- [TASK PROMPT]: Everything from the line containing "bpy.ops.wm.read_factory_settings(use_empty=True)" through the line containing "# ---- material node trees" in the listing below should be copied exactly, and nothing more.

** RECORDS TO USE follows **

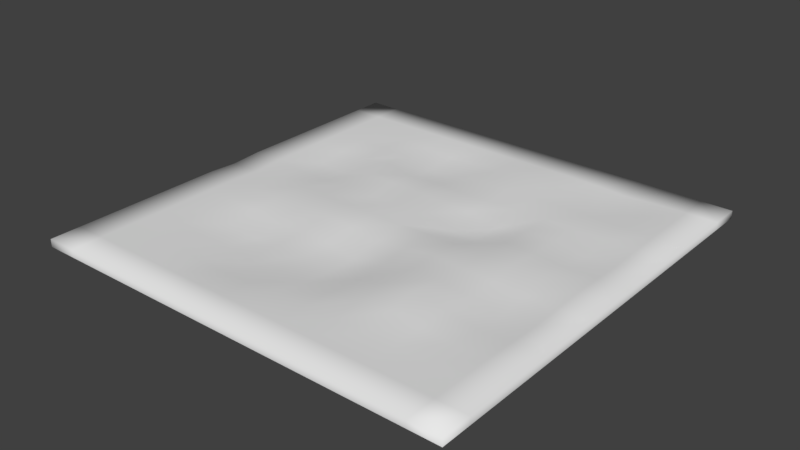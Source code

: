 # Source: terrain.blend  (saved by Blender 2.78.0; exported with 4.5.12 LTS)
import bpy
from mathutils import Matrix  # noqa: F401  (used for matrix-valued properties, if any)

bpy.ops.wm.read_factory_settings(use_empty=True)
scene = bpy.context.scene
scene.name = 'Scene'

# ---- collections
col_collection_1 = bpy.data.collections.new('Collection 1'); scene.collection.children.link(col_collection_1)

# ---- materials (node trees are filled in below, after node groups)
mat_terrain = bpy.data.materials.new('terrain')
mat_terrain.alpha_threshold = 0.0
mat_terrain.use_transparent_shadow = False
mat_terrain.roughness = 0.5

# ---- material node trees

# ---- world
world_world = bpy.data.worlds.new('World'); scene.world = world_world
world_world.color = (0.05088, 0.05088, 0.05088)
world_world.use_sun_shadow = False
world_world.sun_shadow_jitter_overblur = 0.0
world_world.cycles.sampling_method = 'MANUAL'

# ---- meshes
me_cube_002 = bpy.data.meshes.new('Cube.002')
me_cube_002.from_pydata([(-7.0, -7.0, -0.1242), (-7.0, -7.0, 0.1242), (-7.0, 7.0, -0.1242), (-7.0, 7.0, 0.1242), (7.0, -7.0, -0.1242), (7.0, -7.0, 0.1242), (7.0, 7.0, -0.1242), (7.0, 7.0, 0.1242), (-7.0, 6.0, -0.1242), (-7.0, 5.0, -0.1242), (-7.0, 4.0, -0.1242), (-7.0, 3.0, -0.1242), (-7.0, 2.0, -0.1242), (-7.0, 1.0, -0.1242), (-7.0, 0.0, -0.1242), (-7.0, -1.0, -0.1242), (-7.0, -2.0, -0.1242), (-7.0, -3.0, -0.1242), (-7.0, -4.0, -0.1242), (-7.0, -5.0, -0.1242), (-7.0, -6.0, -0.1242), (-7.0, -6.0, 0.1242), (-7.0, -5.0, 0.1242), (-7.0, -4.0, 0.1242), (-7.0, -3.0, 0.1242), (-7.0, -2.0, 0.1242), (-7.0, -1.0, 0.1242), (-7.0, 0.0, 0.06996), (-7.0, 1.0, 0.1242), (-7.0, 2.0, 0.1242), (-7.0, 3.0, 0.1242), (-7.0, 4.0, 0.1242), (-7.0, 5.0, 0.1242), (-7.0, 6.0, 0.1242), (7.0, -6.0, -0.1242), (7.0, -5.0, -0.1242), (7.0, -4.0, -0.1242), (7.0, -3.0, -0.1242), (7.0, -2.0, -0.1242), (7.0, -1.0, -0.1242), (7.0, 0.0, -0.1242), (7.0, 1.0, -0.1242), (7.0, 2.0, -0.1242), (7.0, 3.0, -0.1242), (7.0, 4.0, -0.1242), (7.0, 5.0, -0.1242), (7.0, 6.0, -0.1242), (7.0, 6.0, 0.1242), (7.0, 5.0, 0.1242), (7.0, 4.0, 0.1242), (7.0, 3.0, 0.1242), (7.0, 2.0, 0.1242), (7.0, 1.0, 0.1242), (7.0, 0.0, 0.1242), (7.0, -1.0, 0.1242), (7.0, -2.0, 0.1242), (7.0, -3.0, 0.1242), (7.0, -4.0, 0.1242), (7.0, -5.0, 0.1242), (7.0, -6.0, 0.1242), (6.0, 7.0, -0.1242), (5.0, 7.0, -0.1242), (4.0, 7.0, -0.1242), (3.0, 7.0, -0.1242), (2.0, 7.0, -0.1242), (1.0, 7.0, -0.1242), (0.0, 7.0, -0.1242), (-1.0, 7.0, -0.1242), (-2.0, 7.0, -0.1242), (-3.0, 7.0, -0.1242), (-4.0, 7.0, -0.1242), (-5.0, 7.0, -0.1242), (-6.0, 7.0, -0.1242), (-6.0, 7.0, 0.1242), (-5.0, 7.0, 0.1242), (-4.0, 7.0, 0.1242), (-3.0, 7.0, 0.1242), (-2.0, 7.0, 0.1242), (-1.0, 7.0, 0.1242), (0.0, 7.0, 0.1242), (1.0, 7.0, 0.1242), (2.0, 7.0, 0.1242), (3.0, 7.0, 0.1242), (4.0, 7.0, 0.1242), (5.0, 7.0, 0.1242), (6.0, 7.0, 0.1242), (-6.0, -7.0, -0.1242), (-5.0, -7.0, -0.1242), (-4.0, -7.0, -0.1242), (-3.0, -7.0, -0.1242), (-2.0, -7.0, -0.1242), (-1.0, -7.0, -0.1242), (0.0, -7.0, -0.1242), (1.0, -7.0, -0.1242), (2.0, -7.0, -0.1242), (3.0, -7.0, -0.1242), (4.0, -7.0, -0.1242), (5.0, -7.0, -0.1242), (6.0, -7.0, -0.1242), (6.0, -7.0, 0.1242), (5.0, -7.0, 0.1242), (4.0, -7.0, 0.1242), (3.0, -7.0, 0.1242), (2.0, -7.0, 0.1242), (1.0, -7.0, 0.1242), (0.0, -7.0, 0.1242), (-1.0, -7.0, 0.1242), (-2.0, -7.0, 0.1242), (-3.0, -7.0, 0.1242), (-4.0, -7.0, 0.1242), (-5.0, -7.0, 0.1242), (-6.0, -7.0, 0.1242), (-6.0, 6.0, 0.1242), (-5.0, 6.0, 0.1242), (-4.0, 6.0, 0.1242), (-3.0, 6.0, 0.1242), (-2.0, 6.0, 0.1242), (-1.0, 6.0, 0.1242), (0.0, 6.0, 0.1242), (1.0, 6.0, 0.1242), (2.0, 6.0, 0.1242), (3.0, 6.0, 0.0953), (4.0, 6.0, 0.04895), (5.0, 6.0, 0.0953), (6.0, 6.0, 0.1242), (-6.0, 5.0, 0.1242), (-5.0, 5.0, 0.1121), (-4.0, 5.0, 0.09279), (-3.0, 5.0, 0.06928), (-2.0, 5.0, -0.004775), (-1.0, 5.0, 0.03624), (0.0, 5.0, 0.1069), (1.0, 5.0, 0.2538), (2.0, 5.0, 0.1242), (3.0, 5.0, 0.04895), (4.0, 5.0, -0.03247), (5.0, 5.0, 0.04895), (6.0, 5.0, 0.1242), (-6.0, 4.0, 0.1242), (-5.0, 4.0, 0.09279), (-4.0, 4.0, 0.09399), (-3.0, 4.0, 0.05525), (-2.0, 4.0, -0.1196), (-1.0, 4.0, -0.08112), (0.0, 4.0, 0.07915), (1.0, 4.0, 0.1069), (2.0, 4.0, 0.1242), (3.0, 4.0, 0.1179), (4.0, 4.0, 0.1074), (5.0, 4.0, 0.1179), (6.0, 4.0, 0.1242), (-6.0, 3.0, 0.1242), (-5.0, 3.0, 0.05214), (-4.0, 3.0, 0.02725), (-3.0, 3.0, 0.2152), (-2.0, 3.0, 0.01045), (-1.0, 3.0, 0.07128), (0.0, 3.0, 0.03041), (1.0, 3.0, 0.07915), (2.0, 3.0, 0.1242), (3.0, 3.0, 0.1074), (4.0, 3.0, 0.08826), (5.0, 3.0, 0.1072), (6.0, 3.0, 0.09532), (-6.0, 2.0, 0.1242), (-5.0, 2.0, -0.03238), (-4.0, 2.0, -0.1126), (-3.0, 2.0, 0.1587), (-2.0, 2.0, 0.1594), (-1.0, 2.0, 0.1554), (0.0, 2.0, 0.07915), (1.0, 2.0, 0.1069), (2.0, 2.0, -0.1328), (3.0, 2.0, 0.1182), (4.0, 2.0, 0.1072), (5.0, 2.0, -0.009883), (6.0, 2.0, 0.04898), (-6.0, 1.0, 0.1242), (-5.0, 1.0, 0.06428), (-4.0, 1.0, 0.002857), (-3.0, 1.0, 0.1122), (-2.0, 1.0, 0.04257), (-1.0, 1.0, 0.07285), (0.0, 1.0, 0.1242), (1.0, 1.0, -0.1328), (2.0, 1.0, -0.1328), (3.0, 1.0, 0.1468), (4.0, 1.0, 0.1536), (5.0, 1.0, 0.07154), (6.0, 1.0, 0.09532), (-6.0, 0.0, 0.06996), (-5.0, 0.0, 0.1242), (-4.0, 0.0, 0.1242), (-3.0, 0.0, 0.1406), (-2.0, 0.0, 0.131), (-1.0, 0.0, 0.1406), (0.0, 0.0, 0.1242), (1.0, 0.0, 0.1468), (2.0, 0.0, 0.1824), (3.0, 0.0, 0.1824), (4.0, 0.0, 0.2449), (5.0, 0.0, 0.1824), (6.0, 0.0, 0.1242), (-6.0, -1.0, 0.1242), (-5.0, -1.0, 0.1242), (-4.0, -1.0, 0.1242), (-3.0, -1.0, 0.1494), (-2.0, -1.0, 0.1835), (-1.0, -1.0, 0.09274), (0.0, -1.0, -0.02162), (1.0, -1.0, 0.1225), (2.0, -1.0, 0.2449), (3.0, -1.0, 0.1824), (4.0, -1.0, 0.1536), (5.0, -1.0, 0.07157), (6.0, -1.0, 0.0953), (-6.0, -2.0, 0.1242), (-5.0, -2.0, 0.1242), (-4.0, -2.0, 0.06721), (-3.0, -2.0, -0.01652), (-2.0, -2.0, 0.06721), (-1.0, -2.0, -0.02162), (0.0, -2.0, -0.1735), (1.0, -2.0, 0.000106), (2.0, -2.0, 0.2321), (3.0, -2.0, 0.276), (4.0, -2.0, 0.09912), (5.0, -2.0, -0.03247), (6.0, -2.0, 0.04895), (-6.0, -3.0, 0.1242), (-5.0, -3.0, 0.1242), (-4.0, -3.0, -0.01652), (-3.0, -3.0, -0.1624), (-2.0, -3.0, -0.01652), (-1.0, -3.0, 0.003951), (0.0, -3.0, -0.1735), (1.0, -3.0, -0.02162), (2.0, -3.0, 0.2545), (3.0, -3.0, 0.3954), (4.0, -3.0, 0.2261), (5.0, -3.0, 0.04895), (6.0, -3.0, 0.0953), (-6.0, -4.0, 0.1242), (-5.0, -4.0, 0.1242), (-4.0, -4.0, 0.06721), (-3.0, -4.0, -0.01652), (-2.0, -4.0, -0.1624), (-1.0, -4.0, 0.00754), (0.0, -4.0, -0.02162), (1.0, -4.0, 0.06546), (2.0, -4.0, 0.1742), (3.0, -4.0, 0.2545), (4.0, -4.0, 0.1742), (5.0, -4.0, 0.1242), (6.0, -4.0, 0.1242), (-6.0, -5.0, 0.1242), (-5.0, -5.0, 0.1242), (-4.0, -5.0, 0.1242), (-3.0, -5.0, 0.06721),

** End of RECORDS TO USE **

- [EXERCISE ANSWER]:
bpy.ops.wm.read_factory_settings(use_empty=True)
scene = bpy.context.scene
scene.name = 'Scene'

# ---- collections
col_collection_1 = bpy.data.collections.new('Collection 1'); scene.collection.children.link(col_collection_1)

# ---- materials (node trees are filled in below, after node groups)
mat_terrain = bpy.data.materials.new('terrain')
mat_terrain.alpha_threshold = 0.0
mat_terrain.use_transparent_shadow = False
mat_terrain.roughness = 0.5

# ---- material node trees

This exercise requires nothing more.